[[ Recorded data, beginning ]]
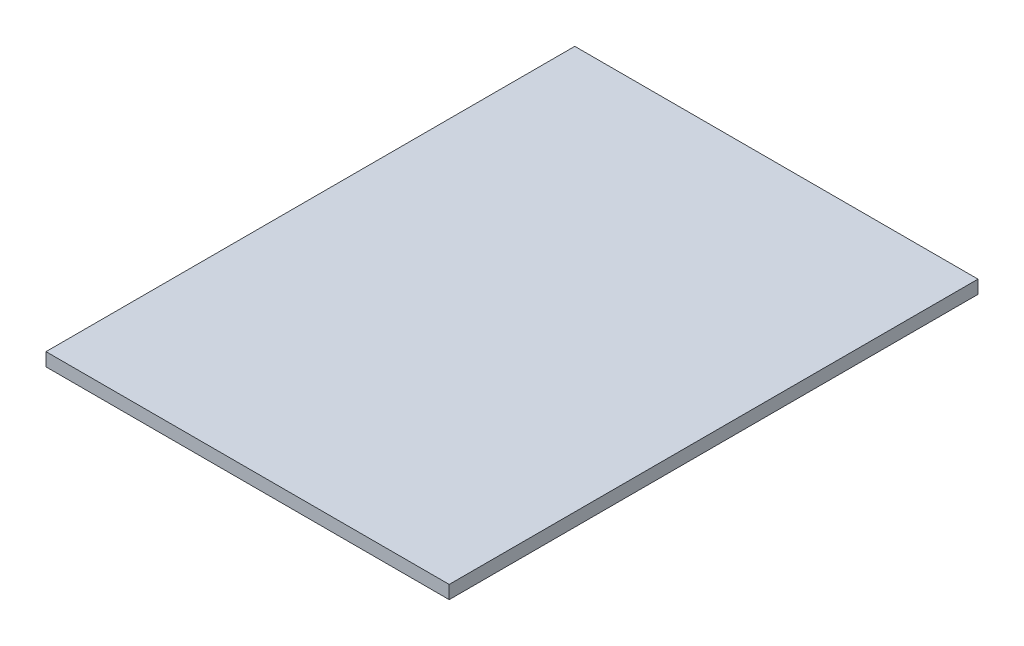
SolidWorks part; units mm, degrees
ref_plane "Ebene vorne" through (0, 0, 0) normal (0, 0, 1) x (1, 0, 0)
ref_plane "Ebene oben" through (0, 0, 0) normal (0, 1, 0) x (1, 0, 0)
ref_plane "Ebene rechts" through (0, 0, 0) normal (1, 0, 0) x (0, 0, -1)
sketch "Skizze1" plane through (0, 0, 0) normal (0, 1, 0) x (1, 0, 0)
  line L1 (-30.5, 40) -> (30.5, 40)
  line L2 (-30.5, 40) -> (-30.5, -40)
  line L3 (-30.5, -40) -> (30.5, -40)
  line L4 (30.5, 40) -> (30.5, -40)
  line L5 (-30.5, 40) -> (30.5, -40) construction
  line L6 (-30.5, -40) -> (30.5, 40) construction
  point P0 (0, 0)
  dimension "D1" = 80
  dimension "D2" = 61
extrude "Aufsatz-Linear austragen1" add sketch "Skizze1" along normal blind 2
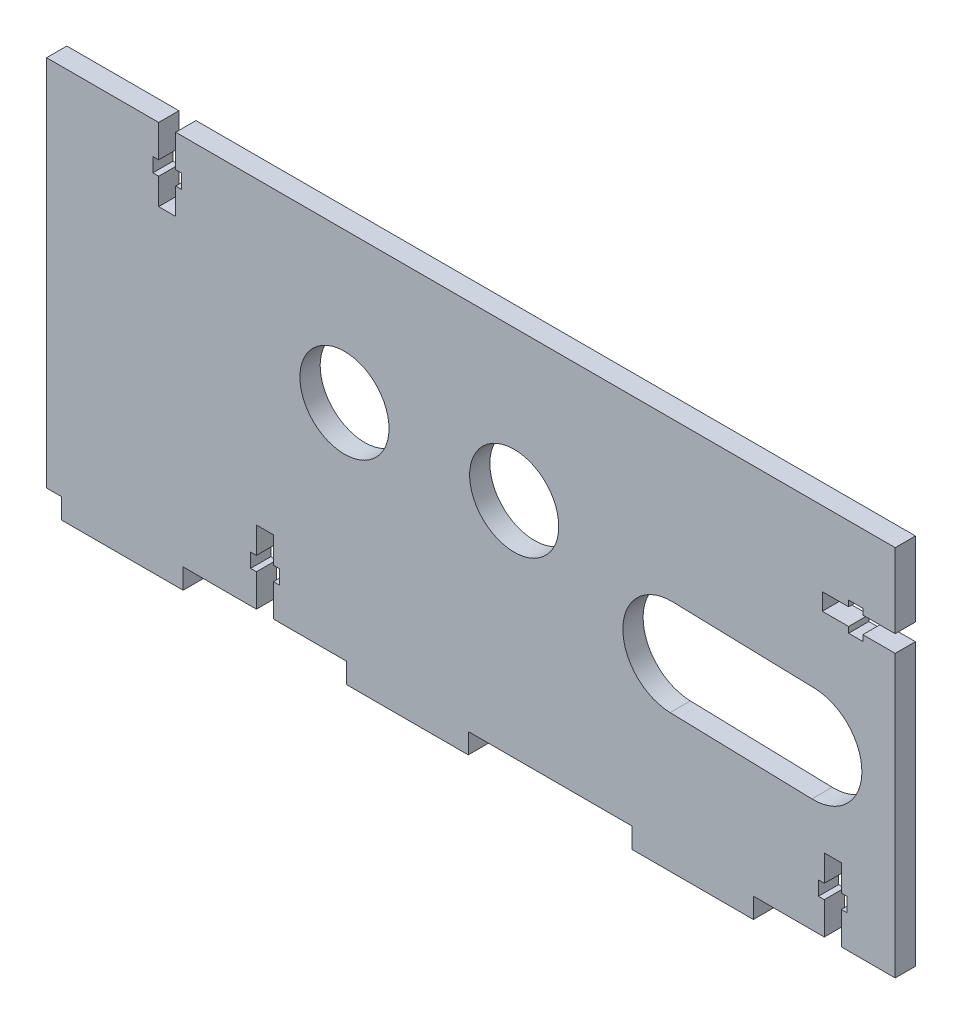
SolidWorks part; units mm, degrees
ref_plane "Front Plane" through (0, 0, 0) normal (0, 0, 1) x (1, 0, 0)
ref_plane "Top Plane" through (0, 0, 0) normal (0, 1, 0) x (1, 0, 0)
ref_plane "Right Plane" through (0, 0, 0) normal (1, 0, 0) x (0, 0, -1)
sketch "Sketch1" plane through (0, 0, 0) normal (0, 0, 1) x (1, 0, 0)
  line L1 (-115, -45) -> (115, -45)
  line L2 (-115, -45) -> (-115, 45)
  line L3 (-115, 45) -> (115, 45)
  line L4 (115, -45) -> (115, 45)
  line L5 (-115, -45) -> (115, 45) construction
  line L6 (-115, 45) -> (115, -45) construction
  point P0 (0, 0)
  dimension "D1" = 230
  dimension "D2" = 90
extrude "Boss-Extrude1" add sketch "Sketch1" along normal blind 5
sketch "Sketch2" plane through (0, 0, 5) normal (0, 0, 1) x (1, 0, 0)
  line L0 (-115, 10) -> (115, 10) construction
  line L1 (-115, 45) -> (-115, -45) construction
  line L2 (115, -45) -> (115, 45) construction
  circle A0 centre (-20.95, 10) radius 11
  circle A1 centre (20.95, 10) radius 11
  dimension "D2" = 22
  dimension "D1" = 41.9
  dimension "D3" = 20.95
  dimension "D7" = 10
extrude "Cut-Extrude1" cut sketch "Sketch2" against normal up to next
other "Move Face2" face at (0, 45, 2.5) parameters "D1"=2
sketch "Sketch3" plane through (0, 0, 5) normal (0, 0, 1) x (1, 0, 0)
  line L0 (-115, 47) -> (-115, -45) construction
  line L1 (-115, 41) -> (-106.4901, 41)
  line L2 (-115, 41) -> (-115, 47)
  line L3 (-115, 47) -> (-106.4901, 47)
  line L4 (-106.4901, 41) -> (-106.4901, 47)
  line L5 (115, 47) -> (-115, 47) construction
  line L6 (-106.4901, 41) -> (-106.4901, 47) construction
  line L7 (-119.2574, 41) -> (-106.4901, 41) construction
extrude "Cut-Extrude2" cut sketch "Sketch3" against normal blind 10
sketch "Sketch4" plane through (0, 0, 5) normal (0, 0, 1) x (1, 0, 0)
  line L0 (-125.7824, -45) -> (-125.7824, -39) construction
  line L1 (-125.7824, -39) -> (-137.7824, -39) construction
  line L2 (-135.9139, 10.6104) -> (-138.383, 1.3956)
  line L3 (-138.5403, -22.3736) -> (-141.6461, -33.9647) construction
  line L4 (-138.5403, -22.3736) -> (-144.3359, -20.8207) construction
  line L5 (-131.2552, 27.9971) -> (-125.4596, 26.4442) construction
  line L6 (-119.2574, 41) -> (-106.4901, 41) construction
  line L7 (-122.3538, 38.0353) -> (-125.4596, 26.4442) construction
  line L8 (-122.3538, 38.0353) -> (-122.1552, 38.7765) construction
  line L9 (-125.7824, -45) -> (-125.7824, -39)
  line L10 (-125.7824, -39) -> (-137.7824, -39)
  line L11 (-131.2552, 27.9971) -> (-133.3257, 20.2697)
  line L12 (-138.5403, -22.3736) -> (-141.6461, -33.9647)
  line L13 (-138.5403, -22.3736) -> (-144.3359, -20.8207)
  line L14 (-131.2552, 27.9971) -> (-125.4596, 26.4442)
  line L15 (-119.2574, 41) -> (-115, 41)
  line L16 (-122.3538, 38.0353) -> (-125.4596, 26.4442)
  line L17 (-122.3538, 38.0353) -> (-122.1552, 38.7765)
  line L18 (-125.7824, -45) -> (-115, -45)
  line L19 (-115, -45) -> (-115, 41)
  line L25 (-138.383, 1.3956) -> (-142.2467, 2.4309)
  line L26 (-142.2653, -13.0933) -> (-146.129, -12.058)
  line L27 (-142.2467, 2.4309) -> (-146.129, -12.058)
  line L28 (-132.0131, 40.6235) -> (-151.3054, -31.3765) construction
  line L29 (-142.2653, -13.0933) -> (-144.3359, -20.8207)
  line L30 (-133.3257, 20.2697) -> (-135.9139, 10.6104)
  arc A1 (-119.2574, 41) -> (-122.1552, 38.7765) centre (-119.2574, 38) ccw construction
  arc A2 (-141.6461, -33.9647) -> (-137.7824, -39) centre (-137.7824, -35) ccw construction
  arc A3 (-119.2574, 41) -> (-122.1552, 38.7765) centre (-119.2574, 38) ccw
  arc A4 (-141.6461, -33.9647) -> (-137.7824, -39) centre (-137.7824, -35) ccw
  dimension "D1" = 15
  dimension "D2" = 4
  dimension "D3" = 8
sketch "Sketch5" plane through (-129.462, 34.6892, 0) normal (0.9659, -0.2588, 0) x (0, 0, -1)
extrude "Boss-Extrude2" add sketch "Sketch4" against normal blind 5
sketch "Sketch6" plane through (0, 0, 5) normal (0, 0, 1) x (1, 0, 0)
  line L0 (-125.7824, -45) -> (115, -45) construction
  line L1 (-90.7824, -45) -> (-60.7824, -45)
  line L2 (-90.7824, -45) -> (-90.7824, -50)
  line L3 (-90.7824, -50) -> (-60.7824, -50)
  line L4 (-60.7824, -45) -> (-60.7824, -50)
  line L5 (-137.7824, -50) -> (120, -50) construction
  line L6 (-20.3912, -45) -> (9.6088, -45)
  line L15 (-20.3912, -45) -> (-20.3912, -50)
  line L16 (-20.3912, -50) -> (9.6088, -50)
  line L17 (9.6088, -45) -> (9.6088, -50)
  line L18 (50, -45) -> (80, -45)
  line L19 (50, -45) -> (50, -50)
  line L20 (50, -50) -> (80, -50)
  line L21 (80, -45) -> (80, -50)
  line L22 (-125.7824, -39) -> (-125.7824, -45) construction
  line L23 (115, -45) -> (115, 47) construction
  dimension "D1" = 30
  dimension "D2" = 3
  dimension "D3" = 35
  dimension "D4" = 35
extrude "Boss-Extrude3" add sketch "Sketch6" against normal blind 5
sketch "Sketch12" plane through (0, 0, 5) normal (0, 0, 1) x (1, 0, 0)
  line L0 (115, 47) -> (-106.4901, 47) construction
  line L1 (-94.4901, 47) -> (-168.7865, 47)
  line L2 (-94.4901, 47) -> (-94.4901, -57.3564)
  line L3 (-94.4901, -57.3564) -> (-168.7865, -57.3564)
  line L4 (-168.7865, 47) -> (-168.7865, -57.3564)
  line L5 (-106.4901, 41) -> (-106.4901, 47) construction
  dimension "D1" = 12
extrude "Cut-Extrude6" cut sketch "Sketch12" against normal blind 10
sketch "Sketch13" plane through (0, 0, 5) normal (0, 0, 1) x (1, 0, 0)
  line L120 (-38.4868, -37) -> (-37.0368, -37) construction
  line L121 (-38.4868, -45) -> (-38.4868, -37) construction
  line L122 (101.7, -37) -> (103.15, -37) construction
  line L123 (101.7, -45) -> (101.7, -37) construction
  line L124 (107, 28.603) -> (107, 30.053) construction
  line L125 (115, 28.603) -> (107, 28.603) construction
  line L126 (-66.8095, 39) -> (-68.2595, 39) construction
  line L127 (-66.8095, 47) -> (-66.8095, 39) construction
  line L128 (-37.0368, -37) -> (-37.0368, -33.5) construction
  line L129 (103.15, -37) -> (103.15, -33.5) construction
  line L130 (107, 30.053) -> (103.5, 30.053) construction
  line L131 (-68.2595, 39) -> (-68.2595, 35.5) construction
  line L132 (-37.0368, -33.5) -> (-38.4868, -33.5) construction
  line L133 (103.15, -33.5) -> (101.7, -33.5) construction
  line L134 (103.5, 30.053) -> (103.5, 28.603) construction
  line L135 (-68.2595, 35.5) -> (-66.8095, 35.5) construction
  line L136 (-38.4868, -33.5) -> (-38.4868, -27) construction
  line L137 (101.7, -33.5) -> (101.7, -27) construction
  line L138 (103.5, 28.603) -> (97, 28.603) construction
  line L139 (-66.8095, 35.5) -> (-66.8095, 29) construction
  line L140 (-38.4868, -45) -> (-42.6868, -45) construction
  line L141 (101.7, -45) -> (97.5, -45) construction
  line L142 (115, 28.603) -> (115, 24.403) construction
  line L143 (-66.8095, 47) -> (-62.6095, 47) construction
  line L144 (-42.6868, -27) -> (-38.4868, -27) construction
  line L145 (97.5, -27) -> (101.7, -27) construction
  line L146 (97, 24.403) -> (97, 28.603) construction
  line L147 (-62.6095, 29) -> (-66.8095, 29) construction
  line L148 (-42.6868, -33.5) -> (-42.6868, -27) construction
  line L149 (97.5, -33.5) -> (97.5, -27) construction
  line L150 (103.5, 24.403) -> (97, 24.403) construction
  line L151 (-62.6095, 35.5) -> (-62.6095, 29) construction
  line L152 (-44.1368, -33.5) -> (-42.6868, -33.5) construction
  line L153 (96.05, -33.5) -> (97.5, -33.5) construction
  line L154 (103.5, 22.953) -> (103.5, 24.403) construction
  line L155 (-61.1595, 35.5) -> (-62.6095, 35.5) construction
  line L156 (-44.1368, -37) -> (-44.1368, -33.5) construction
  line L157 (96.05, -37) -> (96.05, -33.5) construction
  line L158 (107, 22.953) -> (103.5, 22.953) construction
  line L159 (-61.1595, 39) -> (-61.1595, 35.5) construction
  line L160 (-42.6868, -37) -> (-44.1368, -37) construction
  line L161 (97.5, -37) -> (96.05, -37) construction
  line L162 (107, 24.403) -> (107, 22.953) construction
  line L163 (-62.6095, 39) -> (-61.1595, 39) construction
  line L164 (-42.6868, -45) -> (-42.6868, -37) construction
  line L165 (97.5, -45) -> (97.5, -37) construction
  line L166 (115, 24.403) -> (107, 24.403) construction
  line L167 (-62.6095, 47) -> (-62.6095, 39) construction
  line L168 (-38.4868, -37) -> (-37.0368, -37)
  line L169 (-38.4868, -45) -> (-38.4868, -37)
  line L170 (101.7, -37) -> (103.15, -37)
  line L171 (101.7, -45) -> (101.7, -37)
  line L172 (107, 28.603) -> (107, 30.053)
  line L173 (115, 28.603) -> (107, 28.603)
  line L174 (-66.8095, 39) -> (-68.2595, 39)
  line L175 (-66.8095, 47) -> (-66.8095, 39)
  line L176 (-37.0368, -37) -> (-37.0368, -33.5)
  line L177 (103.15, -37) -> (103.15, -33.5)
  line L178 (107, 30.053) -> (103.5, 30.053)
  line L179 (-68.2595, 39) -> (-68.2595, 35.5)
  line L180 (-37.0368, -33.5) -> (-38.4868, -33.5)
  line L181 (103.15, -33.5) -> (101.7, -33.5)
  line L182 (103.5, 30.053) -> (103.5, 28.603)
  line L183 (-68.2595, 35.5) -> (-66.8095, 35.5)
  line L184 (-38.4868, -33.5) -> (-38.4868, -27)
  line L185 (101.7, -33.5) -> (101.7, -27)
  line L186 (103.5, 28.603) -> (97, 28.603)
  line L187 (-66.8095, 35.5) -> (-66.8095, 29)
  line L188 (-38.4868, -45) -> (-42.6868, -45)
  line L189 (101.7, -45) -> (97.5, -45)
  line L190 (115, 28.603) -> (115, 24.403)
  line L191 (-66.8095, 47) -> (-62.6095, 47)
  line L192 (-42.6868, -27) -> (-38.4868, -27)
  line L193 (97.5, -27) -> (101.7, -27)
  line L194 (97, 24.403) -> (97, 28.603)
  line L195 (-62.6095, 29) -> (-66.8095, 29)
  line L196 (-42.6868, -33.5) -> (-42.6868, -27)
  line L197 (97.5, -33.5) -> (97.5, -27)
  line L198 (103.5, 24.403) -> (97, 24.403)
  line L199 (-62.6095, 35.5) -> (-62.6095, 29)
  line L200 (-44.1368, -33.5) -> (-42.6868, -33.5)
  line L201 (96.05, -33.5) -> (97.5, -33.5)
  line L202 (103.5, 22.953) -> (103.5, 24.403)
  line L203 (-61.1595, 35.5) -> (-62.6095, 35.5)
  line L204 (-44.1368, -37) -> (-44.1368, -33.5)
  line L205 (96.05, -37) -> (96.05, -33.5)
  line L206 (107, 22.953) -> (103.5, 22.953)
  line L207 (-61.1595, 39) -> (-61.1595, 35.5)
  line L208 (-42.6868, -37) -> (-44.1368, -37)
  line L209 (97.5, -37) -> (96.05, -37)
  line L210 (107, 24.403) -> (107, 22.953)
  line L211 (-62.6095, 39) -> (-61.1595, 39)
  line L212 (-42.6868, -45) -> (-42.6868, -37)
  line L213 (97.5, -45) -> (97.5, -37)
  line L214 (115, 24.403) -> (107, 24.403)
  line L215 (-62.6095, 47) -> (-62.6095, 39)
extrude "Cut-Extrude7" cut sketch "Sketch13" against normal blind 10
sketch "Sketch14" plane through (0, 0, 5) normal (0, 0, 1) x (1, 0, 0)
  line L0 (94.7732, -5) -> (59.7732, -4.0484) construction
  line L1 (94.447, -16.9956) -> (59.447, -16.0439)
  line L2 (95.0993, 6.9956) -> (60.0993, 7.9472)
  arc A0 (94.447, -16.9956) -> (95.0993, 6.9956) centre (94.7732, -5) ccw
  circle A2 centre (94.7732, -5) radius 15 construction
  arc A3 (60.0993, 7.9472) -> (59.447, -16.0439) centre (59.7732, -4.0484) ccw
  point P1 (77.2732, -4.5242)
  dimension "D2" = 12
extrude "Cut-Extrude8" cut sketch "Sketch14" against normal blind 10
[[ Recorded data, end ]]
» **Task goal**:
Only these lines belong in the answer: the first line of the listing above through the line holding "line L4 (30.5, 40) -> (30.5, -40)", printed exactly and without pictures.

» **Written solution**:
SolidWorks part; units mm, degrees
ref_plane "Ebene vorne" through (0, 0, 0) normal (0, 0, 1) x (1, 0, 0)
ref_plane "Ebene oben" through (0, 0, 0) normal (0, 1, 0) x (1, 0, 0)
ref_plane "Ebene rechts" through (0, 0, 0) normal (1, 0, 0) x (0, 0, -1)
sketch "Skizze1" plane through (0, 0, 0) normal (0, 1, 0) x (1, 0, 0)
  line L1 (-30.5, 40) -> (30.5, 40)
  line L2 (-30.5, 40) -> (-30.5, -40)
  line L3 (-30.5, -40) -> (30.5, -40)
  line L4 (30.5, 40) -> (30.5, -40)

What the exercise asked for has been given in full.